Geography matters. OSHA's NEP specifically targets regions with elevated incident rates. Sun Belt states — where warehouse construction has been fastest and heat exposure is highest — are disproportionately represented in heat illness cases. The forthcoming Heat Illness Prevention Standard will affect these operations first.

Workforce demographics shape risk. Workers with less than one year of tenure account for a disproportionate share of injuries across all warehouse types. High turnover in fulfillment operations means a persistent population of inexperienced workers on the floor at any given time.

How to use these numbers

These statistics are most useful as a baseline. Here's where to start.

Compare your facility's TRC and DART rates against the sector figures. The sector TRC is 4.8 and the DART rate is 4.1. Pull your OSHA 300 log, calculate your own rates using the BLS formula (number of incidents × 200,000 ÷ total hours worked), and see where you stand. A rate above the sector average puts you in the top tier for OSHA inspection targeting under the NEP.

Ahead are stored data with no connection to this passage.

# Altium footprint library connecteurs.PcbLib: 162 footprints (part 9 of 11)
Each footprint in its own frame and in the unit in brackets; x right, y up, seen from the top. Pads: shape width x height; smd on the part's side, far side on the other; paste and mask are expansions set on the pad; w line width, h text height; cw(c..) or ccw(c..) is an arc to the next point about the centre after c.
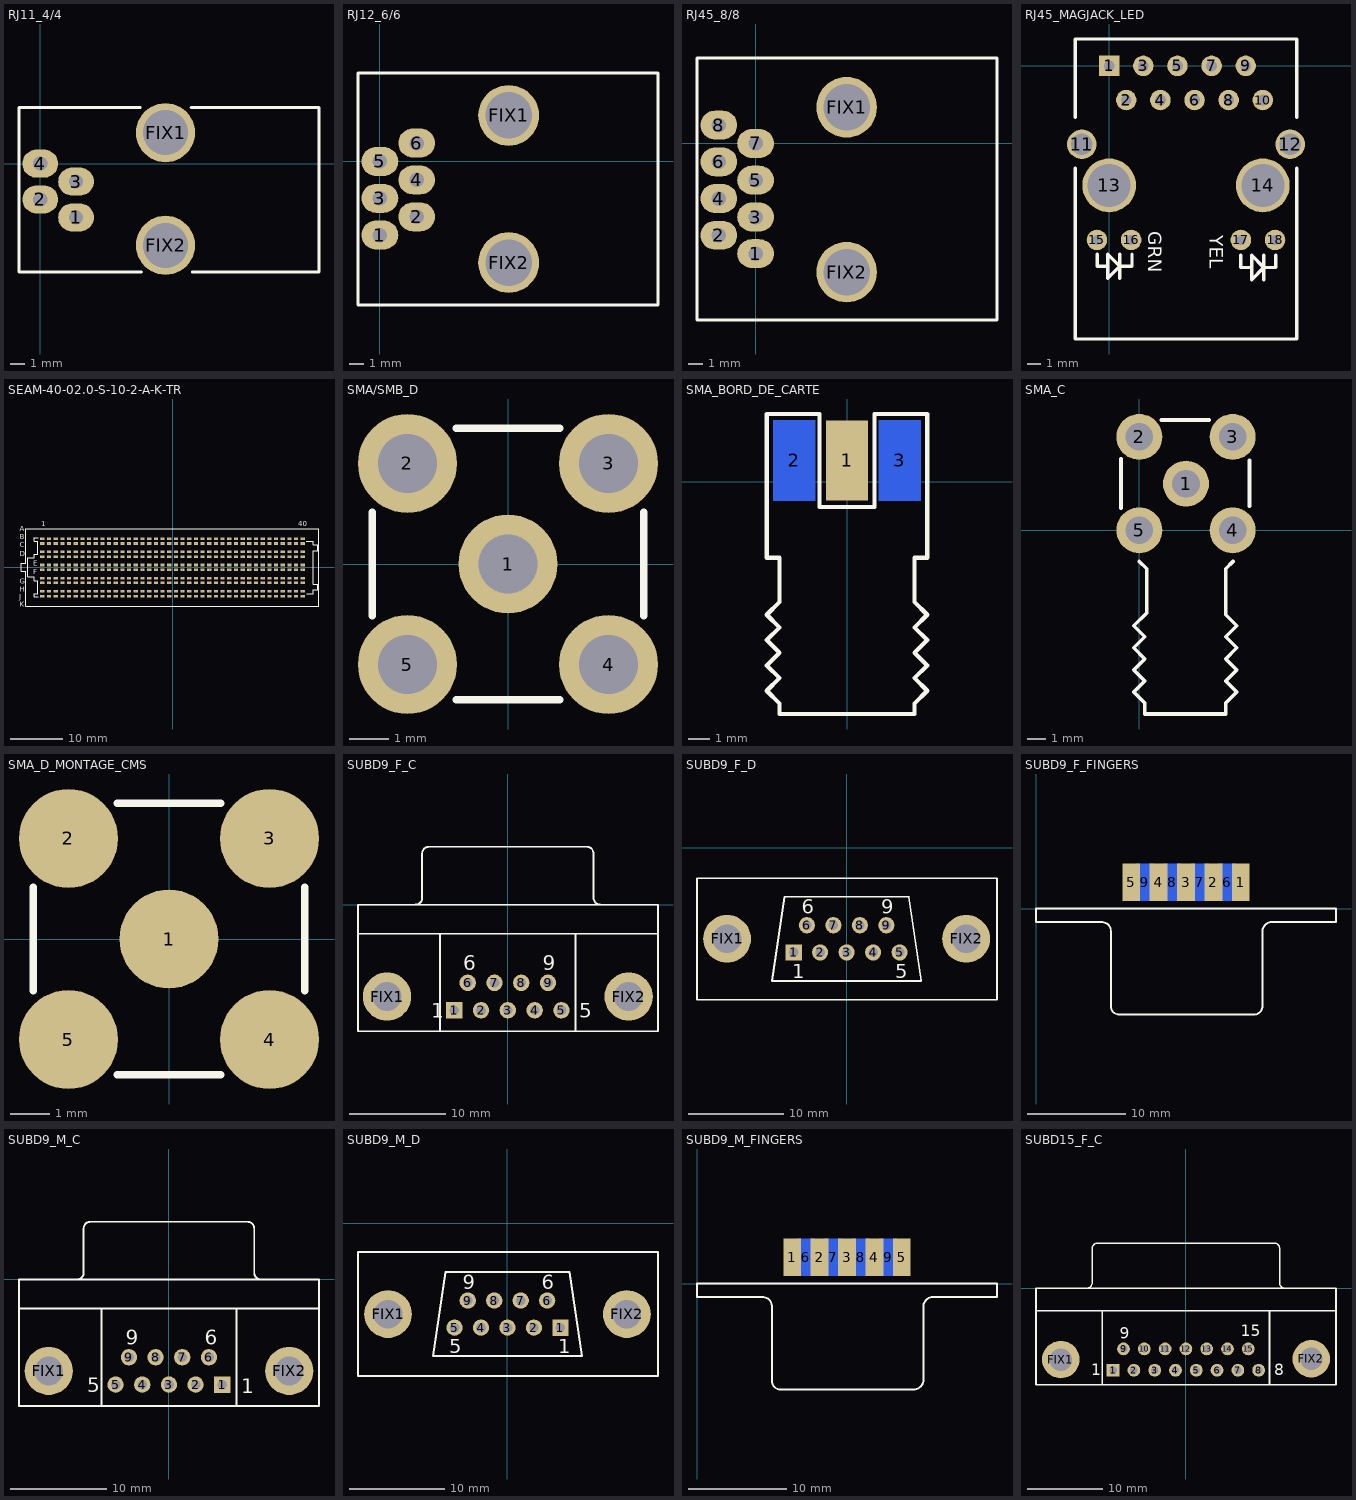
[diagram p8: the footprints below, top view; thin cyan lines are the x and y axes]

## RJ11_4/4 [mm] "RJ11; 4P/4C; BAS PROFIL ; COUDE ; ESPACEMENT BROCHES = 2.54mm"
height 16
pads (6):
  oval 2.54x2 hole 1: 1(2.54,-3.82) 2(0,-2.54) 3(2.54,-1.27) 4(0,0)
  round 4.2 hole 3.2: FIX1(8.9,2.2) FIX2(8.9,-5.8)
Top Overlay:
  lines w0.2: 7.1,4 -1.51,4 -1.51,-7.7 7.2,-7.7 ; 10.7,4 19.8,4 19.8,-7.7 10.8,-7.7
3D body: height 15.99, standoff -3.46, extent -0.985,-7.4 19.585,3.78

## RJ12_6/6 [mm] "RJ12 ; 6P/6C ; BAS PROFIL ; COUDE ; ESPACEMENT BROCHES = 2.54 mm"
height 16
pads (8):
  oval 2.54x2 hole 1: 1(0,-5.08) 2(2.54,-3.82) 3(0,-2.54) 4(2.54,-1.27) 5(0,0) 6(2.54,1.27)
  round 4.2 hole 3.2: FIX1(8.89,3.18) FIX2(8.89,-6.98)
Top Overlay:
  lines w0.2: -1.51,-9.89 -1.51,6.1 7.1,6.1 19.2,6.1 19.2,-9.9 -1.5,-9.9 -1.51,-9.89
3D body: height 16, standoff -4, extent -1.6,-9.8 18.97,5.95

## RJ45_8/8 [mm] "RJ45 ; 8P/8C ; BAS PROFIL ; COUDE ; ESPACEMENT BROCHES = 2.54mm"
height 16
pads (10):
  oval 2.54x2 hole 1: 1(0,-7.62) 2(-2.54,-6.35) 3(0,-5.09) 4(-2.54,-3.81) 5(0,-2.54) 6(-2.54,-1.27) 7(0,0) 8(-2.54,1.27)
  round 4.2 hole 3.2: FIX1(6.3,2.5) FIX2(6.3,-8.9)
Top Overlay:
  lines w0.2: -4.05,-12.2 -4.05,5.9 2.09,5.9 ; -3.985,-12.2 16.7,-12.2 16.7,5.9 2.1,5.9
3D body: height 16, standoff -4, extent -3.985,-12.1 16.585,5.68

## RJ45_MAGJACK_LED [mm]
pads (18):
  rect 1.524x1.524 hole 0.8: 1(0,0)
  round 1.524 hole 0.8: 2(1.27,-2.54) 3(2.54,0) 4(3.81,-2.54) 5(5.08,0) 6(6.35,-2.54) 7(7.62,0) 8(8.89,-2.54) 9(10.16,0) 10(11.43,-2.54)
  round 2.2 hole 1.6: 11(-2.03,-5.84) 12(13.46,-5.84)
  round 4 hole 3.2: 13(0,-8.89) 14(11.43,-8.89)
  round 1.524 hole 0.762: 15(-0.91,-12.95) 16(1.63,-12.95) 17(9.8,-12.95) 18(12.34,-12.95)
Top Overlay:
  lines w0.254: -2.54,-7.62 -2.54,-20.32 13.97,-20.32 13.97,-7.62 ; -2.54,-3.81 -2.54,2 13.97,2 13.97,-3.81 ; -0.9,-14 -0.9,-14.9 -0.2,-14.9 ; 0.8,-15.8 0.8,-14 ; 1.7,-14 1.7,-14.9 0.8,-14.9 ; 9.8,-14.1 9.8,-15 10.5,-15 ; 11.5,-15.9 11.5,-14.1 ; 12.4,-14.1 12.4,-15 11.5,-15 ; 0.8,-14.9 -0.1,-15.8 -0.1,-14 0.8,-14.9 ; 11.5,-15 10.6,-14.1 10.6,-15.9 11.5,-15
  text "YEL" at 7.5,-12.6 h1
  text "GRN" at 2.9,-12.3 h1
3D body: height 13.86, standoff -3.28, extent -2.43,-19.79 13.83,1.8

## SEAM-40-02.0-S-10-2-A-K-TR [mm] "CONNECTEUR SAMTEC - MALE 10 RANGEE - 1.27mm - REFERENCE FARNELL : 2250310"
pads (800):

Audit your top three hazard categories first. Forklifts (25% of accidents), slips/trips/falls (27%+), and loading docks (25%) account for the majority of recordable incidents. Prioritize those three before addressing lower-frequency risks. Each has well-documented engineering controls — proximity detection systems for forklifts, anti-fatigue matting and floor drainage for slip prevention, dock leveler interlocks for loading areas.

Treat OSHA's public data transparency as a commercial risk. Since January 2024, Form 300 and 301 data is electronically submitted and increasingly public. Customers, partners, and prospective hires will see your incident record. A poor safety profile is now a liability on both sides of the compliance line.

Model the cost of inaction. At $40,000–$60,000 per serious injury in direct and indirect costs, a facility recording ten DART incidents per year absorbs $400,000–$600,000 in preventable expense — before any OSHA penalty is applied. Set that against the capital cost of engineering controls and the math usually closes fast.

Build a rack inspection program before forklift damage accumulates. With 322,590 industrial truck operators working across the sector, rack impact is a daily event at most facilities. Damaged uprights and beams fail under load, often without warning. Scheduled inspections with documented repair thresholds are the minimum standard; real-time impact monitoring systems — available from vendors including Damotech — are worth evaluating if your forklift traffic volume justifies the investment.

Prepare for unannounced OSHA visits. The warehousing NEP is active and area offices are funded to increase inspection frequency. Maintain your OSHA 300 log, keep written safety programs current, and verify that forklift operator certifications are documented and not expired. Those three items are the first things an inspector will request.